***** EXERCISE INPUTS *****

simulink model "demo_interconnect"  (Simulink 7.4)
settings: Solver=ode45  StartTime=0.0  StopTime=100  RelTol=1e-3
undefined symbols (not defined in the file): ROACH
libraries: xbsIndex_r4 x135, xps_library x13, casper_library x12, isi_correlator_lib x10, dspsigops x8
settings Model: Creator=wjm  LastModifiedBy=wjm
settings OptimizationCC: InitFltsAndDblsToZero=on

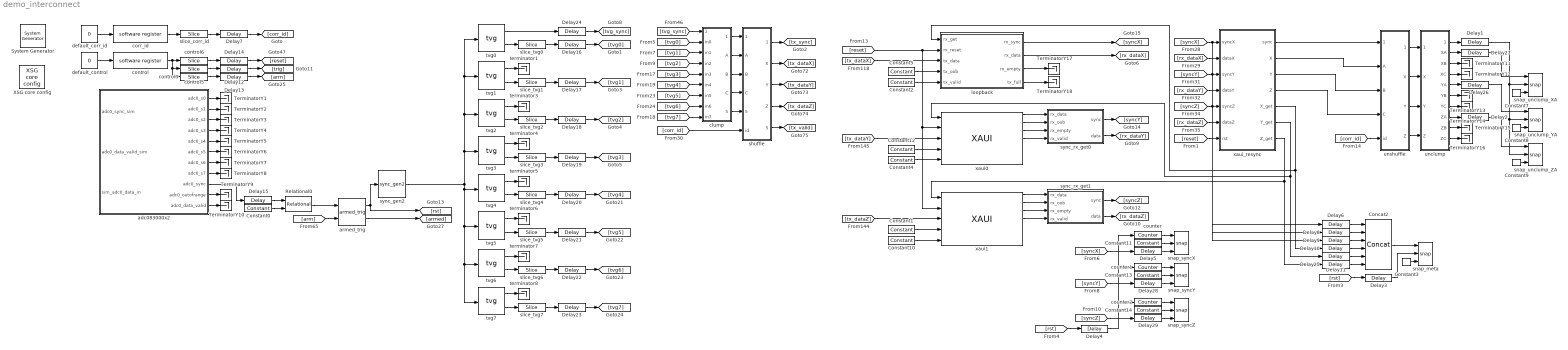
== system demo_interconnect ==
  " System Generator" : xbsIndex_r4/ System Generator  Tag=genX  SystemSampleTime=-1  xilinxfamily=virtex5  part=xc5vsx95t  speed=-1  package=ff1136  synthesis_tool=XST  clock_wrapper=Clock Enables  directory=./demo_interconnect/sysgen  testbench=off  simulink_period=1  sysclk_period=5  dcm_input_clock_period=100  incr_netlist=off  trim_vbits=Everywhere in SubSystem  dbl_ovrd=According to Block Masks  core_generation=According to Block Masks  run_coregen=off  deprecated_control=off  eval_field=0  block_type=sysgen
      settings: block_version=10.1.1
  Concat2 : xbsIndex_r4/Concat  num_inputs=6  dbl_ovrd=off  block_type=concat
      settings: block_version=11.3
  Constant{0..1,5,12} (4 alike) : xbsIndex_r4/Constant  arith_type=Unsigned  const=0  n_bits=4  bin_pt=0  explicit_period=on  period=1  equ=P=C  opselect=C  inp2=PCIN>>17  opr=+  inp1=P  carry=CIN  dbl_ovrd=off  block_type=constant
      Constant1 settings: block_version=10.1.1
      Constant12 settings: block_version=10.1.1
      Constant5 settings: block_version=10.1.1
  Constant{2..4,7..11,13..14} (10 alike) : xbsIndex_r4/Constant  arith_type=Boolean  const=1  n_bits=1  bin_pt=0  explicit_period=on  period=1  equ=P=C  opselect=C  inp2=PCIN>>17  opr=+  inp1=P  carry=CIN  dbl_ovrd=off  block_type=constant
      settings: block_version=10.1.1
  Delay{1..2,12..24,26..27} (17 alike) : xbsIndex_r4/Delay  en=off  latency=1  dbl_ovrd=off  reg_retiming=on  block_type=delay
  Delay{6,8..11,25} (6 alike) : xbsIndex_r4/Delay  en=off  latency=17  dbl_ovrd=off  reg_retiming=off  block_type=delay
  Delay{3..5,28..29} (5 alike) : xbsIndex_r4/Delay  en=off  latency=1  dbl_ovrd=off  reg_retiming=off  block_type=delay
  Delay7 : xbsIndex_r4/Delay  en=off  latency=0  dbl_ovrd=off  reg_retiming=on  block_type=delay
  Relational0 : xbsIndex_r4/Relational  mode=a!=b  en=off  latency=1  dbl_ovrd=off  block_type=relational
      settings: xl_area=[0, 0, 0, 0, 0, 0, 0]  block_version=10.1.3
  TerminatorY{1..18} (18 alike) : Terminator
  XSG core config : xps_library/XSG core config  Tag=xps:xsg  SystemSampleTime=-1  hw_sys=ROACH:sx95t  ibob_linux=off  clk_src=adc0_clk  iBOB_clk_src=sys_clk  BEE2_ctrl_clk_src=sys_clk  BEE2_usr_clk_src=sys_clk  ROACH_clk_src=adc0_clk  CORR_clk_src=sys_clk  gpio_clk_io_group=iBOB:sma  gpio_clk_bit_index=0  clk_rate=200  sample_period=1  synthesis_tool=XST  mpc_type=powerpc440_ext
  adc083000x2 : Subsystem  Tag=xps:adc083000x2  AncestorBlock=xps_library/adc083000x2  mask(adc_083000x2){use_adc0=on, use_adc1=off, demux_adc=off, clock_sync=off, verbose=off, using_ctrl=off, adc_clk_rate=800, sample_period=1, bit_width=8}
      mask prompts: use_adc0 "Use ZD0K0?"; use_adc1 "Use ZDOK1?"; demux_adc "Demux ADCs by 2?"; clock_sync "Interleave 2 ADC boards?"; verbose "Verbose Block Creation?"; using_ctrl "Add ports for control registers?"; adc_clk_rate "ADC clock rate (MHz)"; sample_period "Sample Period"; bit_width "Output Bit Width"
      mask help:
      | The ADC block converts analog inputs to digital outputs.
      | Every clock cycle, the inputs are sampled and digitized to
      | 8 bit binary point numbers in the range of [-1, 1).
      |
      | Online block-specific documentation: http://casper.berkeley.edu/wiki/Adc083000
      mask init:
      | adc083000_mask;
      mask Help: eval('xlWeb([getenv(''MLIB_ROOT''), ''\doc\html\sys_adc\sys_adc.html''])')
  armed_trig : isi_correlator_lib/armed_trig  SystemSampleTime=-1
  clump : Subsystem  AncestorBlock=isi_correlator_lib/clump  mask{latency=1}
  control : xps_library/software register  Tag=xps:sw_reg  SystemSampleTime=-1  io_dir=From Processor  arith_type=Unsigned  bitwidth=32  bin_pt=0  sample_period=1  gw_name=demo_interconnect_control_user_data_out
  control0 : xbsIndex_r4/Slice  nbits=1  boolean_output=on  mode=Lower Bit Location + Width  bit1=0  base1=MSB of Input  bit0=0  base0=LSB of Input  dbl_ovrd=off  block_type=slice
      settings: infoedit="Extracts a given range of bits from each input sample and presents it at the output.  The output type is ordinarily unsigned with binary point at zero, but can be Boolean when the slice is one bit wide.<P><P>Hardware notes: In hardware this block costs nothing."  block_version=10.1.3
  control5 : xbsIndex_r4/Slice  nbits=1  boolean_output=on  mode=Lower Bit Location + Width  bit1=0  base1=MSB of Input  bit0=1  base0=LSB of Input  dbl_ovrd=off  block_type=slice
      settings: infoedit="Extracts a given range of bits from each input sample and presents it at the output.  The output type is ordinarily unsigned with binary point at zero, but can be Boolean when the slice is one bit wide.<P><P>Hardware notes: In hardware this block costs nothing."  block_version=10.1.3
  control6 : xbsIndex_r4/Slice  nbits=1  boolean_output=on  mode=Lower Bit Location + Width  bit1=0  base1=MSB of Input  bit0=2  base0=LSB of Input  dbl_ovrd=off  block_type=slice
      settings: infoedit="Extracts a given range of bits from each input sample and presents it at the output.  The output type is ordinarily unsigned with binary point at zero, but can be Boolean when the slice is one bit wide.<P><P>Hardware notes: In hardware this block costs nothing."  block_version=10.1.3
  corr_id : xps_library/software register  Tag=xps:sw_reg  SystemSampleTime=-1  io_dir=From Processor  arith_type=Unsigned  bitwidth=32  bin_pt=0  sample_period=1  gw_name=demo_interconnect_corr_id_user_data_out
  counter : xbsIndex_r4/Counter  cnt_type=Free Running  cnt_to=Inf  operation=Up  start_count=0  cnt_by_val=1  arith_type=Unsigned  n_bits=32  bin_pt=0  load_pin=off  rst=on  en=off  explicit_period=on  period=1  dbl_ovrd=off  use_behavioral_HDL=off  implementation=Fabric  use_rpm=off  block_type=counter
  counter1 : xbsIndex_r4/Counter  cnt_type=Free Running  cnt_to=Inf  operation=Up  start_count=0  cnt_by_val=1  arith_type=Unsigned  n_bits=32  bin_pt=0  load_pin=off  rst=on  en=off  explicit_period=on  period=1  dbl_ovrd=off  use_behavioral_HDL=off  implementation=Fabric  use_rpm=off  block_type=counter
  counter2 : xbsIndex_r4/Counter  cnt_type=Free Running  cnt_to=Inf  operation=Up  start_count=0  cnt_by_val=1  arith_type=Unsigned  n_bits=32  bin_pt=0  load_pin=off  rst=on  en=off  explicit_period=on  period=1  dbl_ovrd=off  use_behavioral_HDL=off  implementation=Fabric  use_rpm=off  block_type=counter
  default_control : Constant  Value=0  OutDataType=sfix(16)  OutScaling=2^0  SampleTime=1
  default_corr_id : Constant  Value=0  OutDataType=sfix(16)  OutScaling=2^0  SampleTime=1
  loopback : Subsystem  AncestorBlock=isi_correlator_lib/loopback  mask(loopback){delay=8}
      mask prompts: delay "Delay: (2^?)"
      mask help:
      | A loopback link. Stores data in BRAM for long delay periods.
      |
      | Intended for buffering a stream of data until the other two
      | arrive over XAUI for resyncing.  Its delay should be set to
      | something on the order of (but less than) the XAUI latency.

*****

### EXERCISE DETAILS:
Within the listing, how many lines include the string "sfix"? Supply the number and no further words.

### RESULT:
2